Starlings
The swarm of starlings was resting on the Bud Light/Jazz Billboard last night during my commute home. They looked like thick black lines under the picture and along the top. I saw a couple of small flocks of starlings join them. The black line was upset for a second, but room was made for them and the line was reestablished, thicker and fuller than before. “They must live there,” I thought to myself.
When thou seest an eagle, thou seest a portion of genius; lift up thy head! – William Blake
The traffic was stopped cold. We were merging onto I-80 from I-15 North. Others were merging onto I-80 from I-15 South. Even more were coming from the 201. Of all those cars and all those faces, I didn’t see one looking at the birds. A huge flock of at least one thousand birds was less than 50 yards away from them and they were oblivious. In every car I looked, I saw quiet and neutral faces looking ahead.
There’s no present. There’s only the immediate future and the recent past. – George Carlin (1937 – )
Am I alone in this world? It seems that so many people around me are not present. They are not in the room with me. They are in the past, thinking about what happened yesterday or fifteen years ago. They are in the future, thinking about what will happen on Christmas or when they finally meet the right person. They are five hundred miles away, thinking about power lines that don’t even exist yet. They are anywhere but here, with me.

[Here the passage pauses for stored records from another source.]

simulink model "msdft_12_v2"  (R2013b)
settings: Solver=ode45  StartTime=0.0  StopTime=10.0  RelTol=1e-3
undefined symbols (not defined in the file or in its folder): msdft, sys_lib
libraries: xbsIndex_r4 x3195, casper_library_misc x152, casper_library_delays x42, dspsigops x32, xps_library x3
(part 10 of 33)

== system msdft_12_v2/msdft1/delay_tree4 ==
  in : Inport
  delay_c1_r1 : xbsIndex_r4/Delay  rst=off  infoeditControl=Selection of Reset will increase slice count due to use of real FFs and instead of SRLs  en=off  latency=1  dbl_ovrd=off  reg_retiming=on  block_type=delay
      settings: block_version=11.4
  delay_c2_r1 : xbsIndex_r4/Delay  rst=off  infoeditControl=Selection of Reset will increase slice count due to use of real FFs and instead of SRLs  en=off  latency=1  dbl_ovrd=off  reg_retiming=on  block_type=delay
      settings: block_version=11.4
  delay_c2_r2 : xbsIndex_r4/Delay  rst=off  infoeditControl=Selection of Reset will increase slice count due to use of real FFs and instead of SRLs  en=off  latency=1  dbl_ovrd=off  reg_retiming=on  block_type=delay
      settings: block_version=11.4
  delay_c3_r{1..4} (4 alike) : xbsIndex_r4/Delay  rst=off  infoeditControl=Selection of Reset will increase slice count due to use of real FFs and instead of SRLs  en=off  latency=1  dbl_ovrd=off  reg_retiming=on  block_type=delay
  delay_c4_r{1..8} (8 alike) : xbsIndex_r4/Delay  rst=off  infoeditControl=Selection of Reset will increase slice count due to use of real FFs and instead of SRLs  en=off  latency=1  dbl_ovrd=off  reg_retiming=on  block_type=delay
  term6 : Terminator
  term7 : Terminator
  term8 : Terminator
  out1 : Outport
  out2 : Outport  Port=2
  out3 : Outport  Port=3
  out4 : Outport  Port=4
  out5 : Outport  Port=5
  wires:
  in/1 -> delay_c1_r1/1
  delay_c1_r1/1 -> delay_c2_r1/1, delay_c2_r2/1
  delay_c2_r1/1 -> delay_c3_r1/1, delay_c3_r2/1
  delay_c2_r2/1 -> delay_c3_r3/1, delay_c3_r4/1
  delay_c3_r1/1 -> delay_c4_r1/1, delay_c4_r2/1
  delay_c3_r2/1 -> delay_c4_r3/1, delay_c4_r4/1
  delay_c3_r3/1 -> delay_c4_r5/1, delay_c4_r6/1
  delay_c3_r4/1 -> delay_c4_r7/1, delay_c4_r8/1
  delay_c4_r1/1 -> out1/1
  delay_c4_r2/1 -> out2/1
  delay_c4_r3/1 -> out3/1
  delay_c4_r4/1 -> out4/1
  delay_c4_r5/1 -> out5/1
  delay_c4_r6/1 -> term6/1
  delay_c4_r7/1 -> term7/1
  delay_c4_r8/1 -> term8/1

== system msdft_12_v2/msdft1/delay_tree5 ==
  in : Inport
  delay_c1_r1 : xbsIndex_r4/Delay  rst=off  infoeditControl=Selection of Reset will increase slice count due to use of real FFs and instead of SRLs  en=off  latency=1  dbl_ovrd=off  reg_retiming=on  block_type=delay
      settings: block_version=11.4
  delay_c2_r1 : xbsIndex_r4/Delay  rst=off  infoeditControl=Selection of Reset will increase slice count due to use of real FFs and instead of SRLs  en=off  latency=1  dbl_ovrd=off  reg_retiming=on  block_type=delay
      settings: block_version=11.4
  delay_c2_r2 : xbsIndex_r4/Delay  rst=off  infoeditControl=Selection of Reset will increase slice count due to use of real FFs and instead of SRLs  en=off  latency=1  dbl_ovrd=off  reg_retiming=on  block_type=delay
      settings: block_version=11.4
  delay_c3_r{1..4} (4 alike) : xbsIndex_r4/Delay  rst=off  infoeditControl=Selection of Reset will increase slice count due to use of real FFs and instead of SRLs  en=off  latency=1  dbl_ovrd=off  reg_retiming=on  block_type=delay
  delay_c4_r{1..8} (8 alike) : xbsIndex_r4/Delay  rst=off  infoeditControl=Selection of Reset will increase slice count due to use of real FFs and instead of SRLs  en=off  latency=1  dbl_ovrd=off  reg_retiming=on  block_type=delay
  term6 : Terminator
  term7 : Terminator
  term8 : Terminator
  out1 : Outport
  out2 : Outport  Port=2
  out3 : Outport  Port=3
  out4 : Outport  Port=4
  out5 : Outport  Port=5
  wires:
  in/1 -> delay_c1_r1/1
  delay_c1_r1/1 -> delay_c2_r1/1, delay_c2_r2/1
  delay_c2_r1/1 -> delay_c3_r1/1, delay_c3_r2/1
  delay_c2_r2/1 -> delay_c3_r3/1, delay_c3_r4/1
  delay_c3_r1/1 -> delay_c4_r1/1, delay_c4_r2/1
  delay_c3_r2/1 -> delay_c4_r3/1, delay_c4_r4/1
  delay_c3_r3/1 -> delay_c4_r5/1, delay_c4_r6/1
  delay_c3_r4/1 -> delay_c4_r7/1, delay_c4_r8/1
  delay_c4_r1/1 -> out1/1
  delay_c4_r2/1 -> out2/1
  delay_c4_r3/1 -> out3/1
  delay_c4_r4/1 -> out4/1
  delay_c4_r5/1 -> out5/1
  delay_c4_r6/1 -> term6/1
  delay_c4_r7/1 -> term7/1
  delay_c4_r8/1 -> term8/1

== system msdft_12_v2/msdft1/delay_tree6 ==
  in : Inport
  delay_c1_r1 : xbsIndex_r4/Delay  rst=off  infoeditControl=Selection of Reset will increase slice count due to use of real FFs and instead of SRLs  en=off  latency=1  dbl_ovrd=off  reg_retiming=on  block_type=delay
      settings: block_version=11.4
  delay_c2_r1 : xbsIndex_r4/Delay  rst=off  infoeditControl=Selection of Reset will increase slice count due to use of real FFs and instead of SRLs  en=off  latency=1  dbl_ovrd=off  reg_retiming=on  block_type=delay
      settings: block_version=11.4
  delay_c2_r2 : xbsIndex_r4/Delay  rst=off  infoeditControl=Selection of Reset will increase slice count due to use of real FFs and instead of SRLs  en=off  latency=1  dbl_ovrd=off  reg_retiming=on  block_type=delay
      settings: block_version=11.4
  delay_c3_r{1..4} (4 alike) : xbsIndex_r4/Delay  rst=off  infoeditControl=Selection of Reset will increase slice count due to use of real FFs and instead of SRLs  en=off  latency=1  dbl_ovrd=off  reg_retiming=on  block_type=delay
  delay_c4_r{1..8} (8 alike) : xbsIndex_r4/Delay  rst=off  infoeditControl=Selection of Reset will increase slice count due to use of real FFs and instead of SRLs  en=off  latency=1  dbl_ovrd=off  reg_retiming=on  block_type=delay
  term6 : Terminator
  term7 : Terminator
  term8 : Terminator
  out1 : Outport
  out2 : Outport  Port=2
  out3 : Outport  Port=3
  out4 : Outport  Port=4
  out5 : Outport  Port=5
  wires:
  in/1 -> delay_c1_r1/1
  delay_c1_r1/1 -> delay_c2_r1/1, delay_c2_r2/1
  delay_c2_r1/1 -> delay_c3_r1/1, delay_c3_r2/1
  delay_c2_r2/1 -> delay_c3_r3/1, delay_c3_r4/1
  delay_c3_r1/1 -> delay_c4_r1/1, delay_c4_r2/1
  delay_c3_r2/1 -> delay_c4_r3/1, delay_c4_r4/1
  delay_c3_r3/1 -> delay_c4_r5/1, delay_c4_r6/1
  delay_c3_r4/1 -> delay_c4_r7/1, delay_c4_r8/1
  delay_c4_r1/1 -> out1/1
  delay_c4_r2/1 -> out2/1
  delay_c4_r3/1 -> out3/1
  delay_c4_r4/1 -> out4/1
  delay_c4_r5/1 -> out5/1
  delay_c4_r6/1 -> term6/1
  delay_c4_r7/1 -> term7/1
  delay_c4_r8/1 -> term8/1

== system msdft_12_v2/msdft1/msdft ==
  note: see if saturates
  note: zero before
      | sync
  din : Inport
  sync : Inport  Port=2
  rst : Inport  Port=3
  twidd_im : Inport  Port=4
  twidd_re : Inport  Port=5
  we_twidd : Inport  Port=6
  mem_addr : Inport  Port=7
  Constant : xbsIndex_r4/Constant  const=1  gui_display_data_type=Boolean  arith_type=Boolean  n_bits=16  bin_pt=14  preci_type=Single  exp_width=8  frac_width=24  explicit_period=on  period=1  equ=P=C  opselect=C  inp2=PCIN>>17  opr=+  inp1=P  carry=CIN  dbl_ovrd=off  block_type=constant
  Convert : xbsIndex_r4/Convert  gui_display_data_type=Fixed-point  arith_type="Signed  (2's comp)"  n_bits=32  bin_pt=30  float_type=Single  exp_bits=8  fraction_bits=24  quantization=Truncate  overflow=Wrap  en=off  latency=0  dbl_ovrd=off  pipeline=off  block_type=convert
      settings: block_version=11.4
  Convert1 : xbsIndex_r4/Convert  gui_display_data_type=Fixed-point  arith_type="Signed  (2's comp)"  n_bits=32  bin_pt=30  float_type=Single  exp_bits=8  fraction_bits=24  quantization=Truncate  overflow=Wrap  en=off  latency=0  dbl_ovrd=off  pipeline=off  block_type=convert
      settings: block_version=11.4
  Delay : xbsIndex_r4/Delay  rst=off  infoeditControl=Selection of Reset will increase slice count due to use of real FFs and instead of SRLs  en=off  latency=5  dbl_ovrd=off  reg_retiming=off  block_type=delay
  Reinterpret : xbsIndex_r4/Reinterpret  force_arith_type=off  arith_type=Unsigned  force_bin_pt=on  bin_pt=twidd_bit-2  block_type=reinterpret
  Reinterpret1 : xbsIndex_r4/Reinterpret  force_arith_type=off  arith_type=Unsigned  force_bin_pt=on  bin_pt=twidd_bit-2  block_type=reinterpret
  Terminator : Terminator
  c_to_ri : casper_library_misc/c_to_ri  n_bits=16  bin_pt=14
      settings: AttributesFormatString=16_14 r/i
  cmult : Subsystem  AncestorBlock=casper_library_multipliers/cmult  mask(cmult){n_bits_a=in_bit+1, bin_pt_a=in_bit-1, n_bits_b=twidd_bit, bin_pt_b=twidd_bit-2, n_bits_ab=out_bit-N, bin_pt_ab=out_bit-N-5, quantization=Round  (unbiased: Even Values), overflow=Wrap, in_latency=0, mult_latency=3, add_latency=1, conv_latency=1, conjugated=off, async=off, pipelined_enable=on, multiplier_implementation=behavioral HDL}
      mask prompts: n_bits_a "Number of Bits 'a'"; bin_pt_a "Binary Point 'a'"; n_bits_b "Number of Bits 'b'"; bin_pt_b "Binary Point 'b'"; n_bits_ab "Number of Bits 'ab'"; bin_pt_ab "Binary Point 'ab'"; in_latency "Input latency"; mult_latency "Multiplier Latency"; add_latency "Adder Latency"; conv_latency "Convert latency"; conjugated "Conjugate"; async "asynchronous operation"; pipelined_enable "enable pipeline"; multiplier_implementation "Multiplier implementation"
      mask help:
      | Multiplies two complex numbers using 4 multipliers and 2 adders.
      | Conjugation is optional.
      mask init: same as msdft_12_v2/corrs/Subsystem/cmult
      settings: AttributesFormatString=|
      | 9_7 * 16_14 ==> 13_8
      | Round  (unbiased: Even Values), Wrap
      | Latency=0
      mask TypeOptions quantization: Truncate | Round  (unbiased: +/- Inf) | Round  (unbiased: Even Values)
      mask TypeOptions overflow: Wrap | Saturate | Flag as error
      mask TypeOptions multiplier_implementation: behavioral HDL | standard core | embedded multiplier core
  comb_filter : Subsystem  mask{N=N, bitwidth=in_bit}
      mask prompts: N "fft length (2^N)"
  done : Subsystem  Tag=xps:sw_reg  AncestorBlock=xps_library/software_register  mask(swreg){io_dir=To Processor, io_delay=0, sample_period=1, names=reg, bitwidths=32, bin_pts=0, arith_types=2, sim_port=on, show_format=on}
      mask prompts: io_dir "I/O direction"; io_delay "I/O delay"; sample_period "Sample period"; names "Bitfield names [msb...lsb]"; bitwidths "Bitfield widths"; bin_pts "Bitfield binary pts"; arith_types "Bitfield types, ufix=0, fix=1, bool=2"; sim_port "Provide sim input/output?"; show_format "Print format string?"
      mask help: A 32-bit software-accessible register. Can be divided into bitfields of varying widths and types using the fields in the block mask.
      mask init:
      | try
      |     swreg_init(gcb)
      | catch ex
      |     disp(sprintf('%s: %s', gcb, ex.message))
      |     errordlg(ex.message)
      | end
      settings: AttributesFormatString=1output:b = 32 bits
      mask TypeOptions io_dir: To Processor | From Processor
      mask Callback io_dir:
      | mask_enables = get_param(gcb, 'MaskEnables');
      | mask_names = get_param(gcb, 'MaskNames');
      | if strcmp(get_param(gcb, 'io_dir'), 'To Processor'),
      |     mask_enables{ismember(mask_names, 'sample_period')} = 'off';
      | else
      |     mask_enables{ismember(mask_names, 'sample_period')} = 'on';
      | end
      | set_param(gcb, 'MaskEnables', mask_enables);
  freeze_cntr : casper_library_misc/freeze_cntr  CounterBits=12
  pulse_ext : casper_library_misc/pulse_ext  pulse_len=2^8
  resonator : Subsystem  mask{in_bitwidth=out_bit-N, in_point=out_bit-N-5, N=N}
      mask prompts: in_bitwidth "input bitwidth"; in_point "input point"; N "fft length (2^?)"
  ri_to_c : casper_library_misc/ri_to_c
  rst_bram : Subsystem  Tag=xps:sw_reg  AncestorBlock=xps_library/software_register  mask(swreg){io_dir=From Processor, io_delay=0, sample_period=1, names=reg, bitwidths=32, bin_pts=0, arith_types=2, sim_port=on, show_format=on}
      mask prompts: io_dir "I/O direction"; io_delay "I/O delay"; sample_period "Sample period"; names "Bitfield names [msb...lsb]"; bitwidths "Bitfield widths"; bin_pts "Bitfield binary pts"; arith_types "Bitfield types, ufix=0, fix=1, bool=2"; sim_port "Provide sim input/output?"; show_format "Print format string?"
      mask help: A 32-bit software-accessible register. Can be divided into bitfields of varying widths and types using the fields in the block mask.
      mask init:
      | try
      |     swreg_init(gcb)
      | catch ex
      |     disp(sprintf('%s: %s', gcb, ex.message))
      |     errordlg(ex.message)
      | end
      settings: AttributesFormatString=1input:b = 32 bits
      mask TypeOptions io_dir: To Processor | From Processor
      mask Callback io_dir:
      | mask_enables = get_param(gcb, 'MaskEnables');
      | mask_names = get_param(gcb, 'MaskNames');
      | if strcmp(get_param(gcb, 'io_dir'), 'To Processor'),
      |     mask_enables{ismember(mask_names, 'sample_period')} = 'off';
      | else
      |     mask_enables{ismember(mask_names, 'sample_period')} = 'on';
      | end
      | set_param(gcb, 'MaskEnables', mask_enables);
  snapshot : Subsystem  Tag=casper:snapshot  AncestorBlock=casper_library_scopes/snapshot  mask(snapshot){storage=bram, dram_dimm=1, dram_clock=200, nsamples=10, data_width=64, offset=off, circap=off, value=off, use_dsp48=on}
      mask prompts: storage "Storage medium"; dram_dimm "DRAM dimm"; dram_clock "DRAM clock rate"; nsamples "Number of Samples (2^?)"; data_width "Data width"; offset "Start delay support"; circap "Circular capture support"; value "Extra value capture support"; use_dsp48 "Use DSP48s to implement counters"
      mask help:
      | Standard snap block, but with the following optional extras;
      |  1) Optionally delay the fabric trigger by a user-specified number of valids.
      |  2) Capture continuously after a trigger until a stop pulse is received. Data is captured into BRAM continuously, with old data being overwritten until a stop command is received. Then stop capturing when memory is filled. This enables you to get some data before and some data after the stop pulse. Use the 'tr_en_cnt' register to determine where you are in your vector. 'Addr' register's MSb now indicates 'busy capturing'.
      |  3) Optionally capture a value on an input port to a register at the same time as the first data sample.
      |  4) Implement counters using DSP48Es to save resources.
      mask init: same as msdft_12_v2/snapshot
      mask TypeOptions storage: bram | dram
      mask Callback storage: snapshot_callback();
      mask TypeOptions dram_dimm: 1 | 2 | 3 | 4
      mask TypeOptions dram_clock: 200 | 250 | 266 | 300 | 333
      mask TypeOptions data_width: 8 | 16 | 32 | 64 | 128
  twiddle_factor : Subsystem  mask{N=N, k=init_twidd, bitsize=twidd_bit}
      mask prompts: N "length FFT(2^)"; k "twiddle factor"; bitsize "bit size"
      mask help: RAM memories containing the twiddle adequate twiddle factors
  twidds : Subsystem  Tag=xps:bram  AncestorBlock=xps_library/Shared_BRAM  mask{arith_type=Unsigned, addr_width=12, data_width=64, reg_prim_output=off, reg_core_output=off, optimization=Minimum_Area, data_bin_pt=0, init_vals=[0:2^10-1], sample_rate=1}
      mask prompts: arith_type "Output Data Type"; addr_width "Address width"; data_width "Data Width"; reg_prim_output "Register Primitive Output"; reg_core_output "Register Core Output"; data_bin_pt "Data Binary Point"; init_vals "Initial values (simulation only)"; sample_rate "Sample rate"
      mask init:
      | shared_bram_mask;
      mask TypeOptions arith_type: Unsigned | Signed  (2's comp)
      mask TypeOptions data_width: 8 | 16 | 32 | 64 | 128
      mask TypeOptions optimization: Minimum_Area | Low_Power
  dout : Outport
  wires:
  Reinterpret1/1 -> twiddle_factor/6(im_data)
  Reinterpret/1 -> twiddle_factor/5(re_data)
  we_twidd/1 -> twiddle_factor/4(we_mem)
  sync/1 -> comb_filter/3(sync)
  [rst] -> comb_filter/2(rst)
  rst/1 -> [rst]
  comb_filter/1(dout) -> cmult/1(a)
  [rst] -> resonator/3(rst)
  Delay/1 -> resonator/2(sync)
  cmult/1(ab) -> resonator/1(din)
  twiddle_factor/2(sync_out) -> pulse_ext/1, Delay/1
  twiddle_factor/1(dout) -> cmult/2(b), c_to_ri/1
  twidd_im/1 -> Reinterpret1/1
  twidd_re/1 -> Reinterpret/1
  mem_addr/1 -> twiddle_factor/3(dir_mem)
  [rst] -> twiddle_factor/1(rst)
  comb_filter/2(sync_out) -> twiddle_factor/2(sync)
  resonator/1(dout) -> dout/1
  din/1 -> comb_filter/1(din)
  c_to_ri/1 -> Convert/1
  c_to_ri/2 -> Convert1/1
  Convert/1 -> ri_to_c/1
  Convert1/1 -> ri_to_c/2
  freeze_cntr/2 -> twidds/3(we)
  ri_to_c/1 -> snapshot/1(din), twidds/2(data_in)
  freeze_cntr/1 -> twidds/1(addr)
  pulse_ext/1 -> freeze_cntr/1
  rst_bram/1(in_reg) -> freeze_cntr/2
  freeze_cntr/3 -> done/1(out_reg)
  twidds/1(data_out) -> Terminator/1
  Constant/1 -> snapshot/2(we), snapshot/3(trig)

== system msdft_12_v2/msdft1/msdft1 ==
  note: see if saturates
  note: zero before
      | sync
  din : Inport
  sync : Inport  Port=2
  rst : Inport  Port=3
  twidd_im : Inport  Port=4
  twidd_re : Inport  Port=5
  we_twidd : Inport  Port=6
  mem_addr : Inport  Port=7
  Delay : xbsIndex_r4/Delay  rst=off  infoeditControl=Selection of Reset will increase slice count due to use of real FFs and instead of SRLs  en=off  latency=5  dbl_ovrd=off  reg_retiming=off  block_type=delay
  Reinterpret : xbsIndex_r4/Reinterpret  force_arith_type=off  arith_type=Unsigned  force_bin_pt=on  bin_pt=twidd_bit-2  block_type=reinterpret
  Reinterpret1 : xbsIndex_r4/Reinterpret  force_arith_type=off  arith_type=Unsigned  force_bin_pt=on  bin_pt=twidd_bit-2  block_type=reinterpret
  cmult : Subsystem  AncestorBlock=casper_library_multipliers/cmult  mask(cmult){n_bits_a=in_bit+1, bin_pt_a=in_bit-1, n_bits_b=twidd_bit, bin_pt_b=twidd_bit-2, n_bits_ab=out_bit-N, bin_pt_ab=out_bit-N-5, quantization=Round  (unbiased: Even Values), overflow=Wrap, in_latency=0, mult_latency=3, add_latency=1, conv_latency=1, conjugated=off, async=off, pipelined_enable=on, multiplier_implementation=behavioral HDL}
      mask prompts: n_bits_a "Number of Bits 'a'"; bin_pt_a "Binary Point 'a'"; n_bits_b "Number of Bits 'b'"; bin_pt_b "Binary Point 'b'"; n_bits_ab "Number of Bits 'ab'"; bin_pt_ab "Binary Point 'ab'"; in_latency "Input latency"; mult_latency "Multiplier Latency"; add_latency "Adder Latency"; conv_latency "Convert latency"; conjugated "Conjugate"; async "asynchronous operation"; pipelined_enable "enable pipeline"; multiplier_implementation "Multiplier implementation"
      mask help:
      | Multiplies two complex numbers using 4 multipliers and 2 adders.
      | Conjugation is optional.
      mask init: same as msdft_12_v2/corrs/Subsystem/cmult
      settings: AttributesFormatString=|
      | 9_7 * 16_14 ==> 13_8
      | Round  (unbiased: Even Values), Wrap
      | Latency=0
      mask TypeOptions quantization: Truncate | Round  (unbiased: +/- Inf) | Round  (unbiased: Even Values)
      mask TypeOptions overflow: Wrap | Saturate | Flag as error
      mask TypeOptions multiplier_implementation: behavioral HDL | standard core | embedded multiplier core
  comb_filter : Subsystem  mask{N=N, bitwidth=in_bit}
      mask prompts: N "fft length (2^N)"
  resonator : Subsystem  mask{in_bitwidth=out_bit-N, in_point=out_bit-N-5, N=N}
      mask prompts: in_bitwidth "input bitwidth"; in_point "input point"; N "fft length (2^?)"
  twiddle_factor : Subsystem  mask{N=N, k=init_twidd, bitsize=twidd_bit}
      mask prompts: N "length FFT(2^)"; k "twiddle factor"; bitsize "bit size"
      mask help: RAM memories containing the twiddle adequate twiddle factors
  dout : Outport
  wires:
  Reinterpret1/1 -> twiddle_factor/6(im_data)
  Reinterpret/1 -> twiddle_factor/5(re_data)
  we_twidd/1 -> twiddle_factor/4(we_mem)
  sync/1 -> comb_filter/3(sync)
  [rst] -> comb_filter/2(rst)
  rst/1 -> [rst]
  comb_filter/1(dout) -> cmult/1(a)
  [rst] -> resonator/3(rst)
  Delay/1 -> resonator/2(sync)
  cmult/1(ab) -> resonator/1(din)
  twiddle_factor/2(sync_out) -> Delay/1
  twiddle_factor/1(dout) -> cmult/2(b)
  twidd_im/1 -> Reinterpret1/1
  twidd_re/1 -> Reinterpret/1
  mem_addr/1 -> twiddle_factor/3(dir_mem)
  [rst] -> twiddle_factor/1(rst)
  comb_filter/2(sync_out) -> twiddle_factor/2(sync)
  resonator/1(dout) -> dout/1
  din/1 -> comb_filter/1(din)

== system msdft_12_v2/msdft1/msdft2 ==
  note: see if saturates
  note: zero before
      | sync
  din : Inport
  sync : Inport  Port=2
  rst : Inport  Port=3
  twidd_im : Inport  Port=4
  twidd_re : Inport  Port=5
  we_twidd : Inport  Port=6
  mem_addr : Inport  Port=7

I tend to live in the past because most of my life is there. – Herb Caen
I must admit that I’m the same. I think about yesterday, tomorrow and far away. It’s when I’m completely here and now that I realize how far away everyone else is. Is it possible to be here and now all the time? When I’m writing this, am I here? Am I across the world in Denmark and Australia, where you are, reading this? Why is it that I’m only here and now when I see birds swarming?